Panikkar’s perspectives on India’s maritime past drew both on the experience
of British dominance in the Indian Ocean and on the rich and long history
of Indian presence across the vast expanse of these waters and beyond. The
numerous facets of Panikkar’s personality: as a writer and historian, as a
diplomat, and as a statesman also need due emphasis. His seminal historical
and literary works influenced contemporary thought and perceptions
particularly independent India’s maritime consciousness. His role as an official
in the princely States of Bikaner, Kashmir and Patiala and as India’s Ambassador
to China, Egypt and France and later his short but significant political role as
a Member of the Rajya Sabha and the States Reorganisation Commission left a
significant legacy which merits revisiting and recall.
A period of 450 years from the arrival of Vasco da Gama in Calicut in 1498 has
been highlighted as a separate epoch of history by Panikkar in his classic “Asia
and Western Dominance” (1953). The phase which he refers to as the ‘Vasco da
Gama epoch’ may have undergone different stages and developments; however,
it was marked by singular unity in its fundamental aspect that is domination
of Asia by European powers. The Battle of Diu and Battle of Cochin were thus
significant in changing the course of history in the region and heralding an era
of Atlantic dominance over the Indian Ocean. European power and influence,
from Portuguese to Dutch and later from France to Britain, originally confined
to trade had become predominantly political by the end of the 18th century.
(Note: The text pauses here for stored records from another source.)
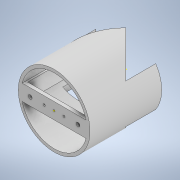
# Autodesk Inventor part: 20220527_仮筒
Saved by Autodesk Inventor 2020 (Build 240168000, 168)
## iProperties
Created: 2022-05-27
Part Number: 20220527_仮筒
Material: 一般
Document SubType Name: Modeling
Designer: Naggy
Density: 1 g/cm^3
Appearance: 既定
Author: Naggy
Autodesk Inventor part; units mm, degrees
ref_plane "YZ Plane" through (0, 0, 0) normal (1, 0, 0) x (0, 1, 0)
ref_plane "XZ Plane" through (0, 0, 0) normal (0, 1, 0) x (-1, 0, 0)
ref_plane "XY Plane" through (0, 0, 0) normal (0, 0, 1) x (1, 0, 0)
sketch "スケッチ1" plane through (0, 0, 0) normal (0, 0, 1) x (1, 0, 0)
  circle A0 centre (0, 0) radius 30
  dimension "d0" = 60
  constraints: 1 centre point, 1 coincident
  measures "d0" diameter of A0
extrude "押し出し1" add sketch "スケッチ1" along normal blind 60
sketch "スケッチ2" plane through (0, 0, 60) normal (0, 0, 1) x (1, 0, 0)
  circle A0 centre (0, 0) radius 26
  dimension "d3" = 52
  constraints: 1 centre point, 1 coincident
  measures "d3" diameter of A0
extrude "押し出し2" cut sketch "スケッチ2" against normal blind 50
sketch "スケッチ3" plane through (0, 0, 0) normal (0, 0, 1) x (1, 0, 0)
  point P0 (0, 0)
sketch "スケッチ4" plane through (0, 0, 0) normal (1, 0, 0) x (0, 1, 0)
  line L0 (30, 0) -> (-30, 0) projected
  line L1 (-30, 0) -> (-30, 60) projected
  arc A0 (30, 0) -> (-30, 0) centre (0, 0) ccw
  dimension "d6" = 30
  constraints: 2 point on circle, 1 centre point, 1 point on line
  measures "d6" radius of A0
extrude "押し出し3" cut sketch "スケッチ4" along normal mid plane 50
sketch "スケッチ5" plane through (0, 0, 60) normal (0, 0, 1) x (1, 0, 0)
  circle A0 centre (0, 0) radius 27.5
  constraints: 1 centre point, 1 coincident
extrude "押し出し4" add sketch "スケッチ5" against normal blind 3
sketch "スケッチ19" plane through (0, 0, 60) normal (0, 0, 1) x (1, 0, 0)
  circle A0 centre (0, 0) radius 27.5
  line L0 (27.5, -6.6575) -> (-27.5, -6.6575)
  line L1 (-27.5, -6.6575) -> (-27.5, 6.6575)
  line L2 (-27.5, 6.6575) -> (27.5, 6.6575)
  line L3 (27.5, 6.6575) -> (27.5, -6.6575)
  line L4 (27.5, -6.6575) -> (-27.5, 6.6575) construction
  line L5 (-27.5, -6.6575) -> (27.5, 6.6575) construction
  point P0 (26.682, -6.6575)
  point P1 (-26.682, -6.6575)
  point P2 (-26.682, 6.6575)
  point P3 (26.682, 6.6575)
  constraints: 12 end point, 2 midpoint, 2 parallel, 1 centre point, 1 coincident, 1 horizontal, 1 perpendicular
extrude "押し出し11" cut sketch "スケッチ19" against normal blind 60 contours L2 A0 | A0 L0
sketch "スケッチ22" plane through (0, 0, 60) normal (0, 0, 1) x (1, 0, 0)
  point P0 (0, 0)
sketch "スケッチ23" plane through (0, 0, 60) normal (0, 0, 1) x (1, 0, 0)
  point P0 (0, 0)
  point P1 (-20, 0)
  point P2 (20, 0)
  dimension "d67" = 20
  dimension "d68" = 20
  measures "d67" distance of point (-20, 0) point (0, 0)
  measures "d68" distance of point (20, 0) point (0, 0)
hole "穴4" at (-20, 0, 60) at (20, 0, 60) direction (0, 0, -1) diameter 3.2 depth 8.8 tip angle 118
sketch "スケッチ25" plane through (0, 0, 60) normal (0, 0, 1) x (1, 0, 0)
  point P0 (0, 0)
  point P1 (0, 0)
  constraints: 1 coincident
hole "穴5" at (0, 0, 60) direction (0, 0, -1) diameter 1.5 depth 8.8 tip angle 118
sketch "スケッチ27" plane through (0, 0, 57) normal (0, 0, -1) x (-1, 0, 0)
  point P0 (0, 0)
  point P1 (8.3, 0)
  point P2 (-8.3, 0)
  dimension "d95" = 8.3
  dimension "d96" = 8.3
  measures "d95" distance of point (8.3, 0) point (0, 0)
  measures "d96" distance of point (0, 0) point (-8.3, 0)
hole "穴7" at (-8.3, 0, 57) at (8.3, 0, 57) direction (0, 0, 1) diameter 1.8 depth 8.8 tip angle 118 counterbore diameter 4 counterbore depth 2

The extra regional power balance in the Indian Ocean Region, which deeply
interested Panikkar, remains of interest to this day in view of its impact on
Asian, and indeed global, geo politics.
The shift from Atlantic to Pacific powers’ dominating in the Indian Ocean
region with the decline of British control and the rise of Japanese, US (and
now Chinese) maritime assertion in the region needs attention. As Panikkar
described it, the growth of these powerful naval powers in the Pacific
revolutionised the naval competition in the Indian Ocean. This also provides the
backdrop for the contemporary 21st century geopolitical churning in the region
as the global strategic and economic attention shifts from Euro-Atlantic to the
Indo-Pacific region and it becomes important to look at the Indian Ocean in the
context of the expanded maritime geography of a broader Indo-Pacific.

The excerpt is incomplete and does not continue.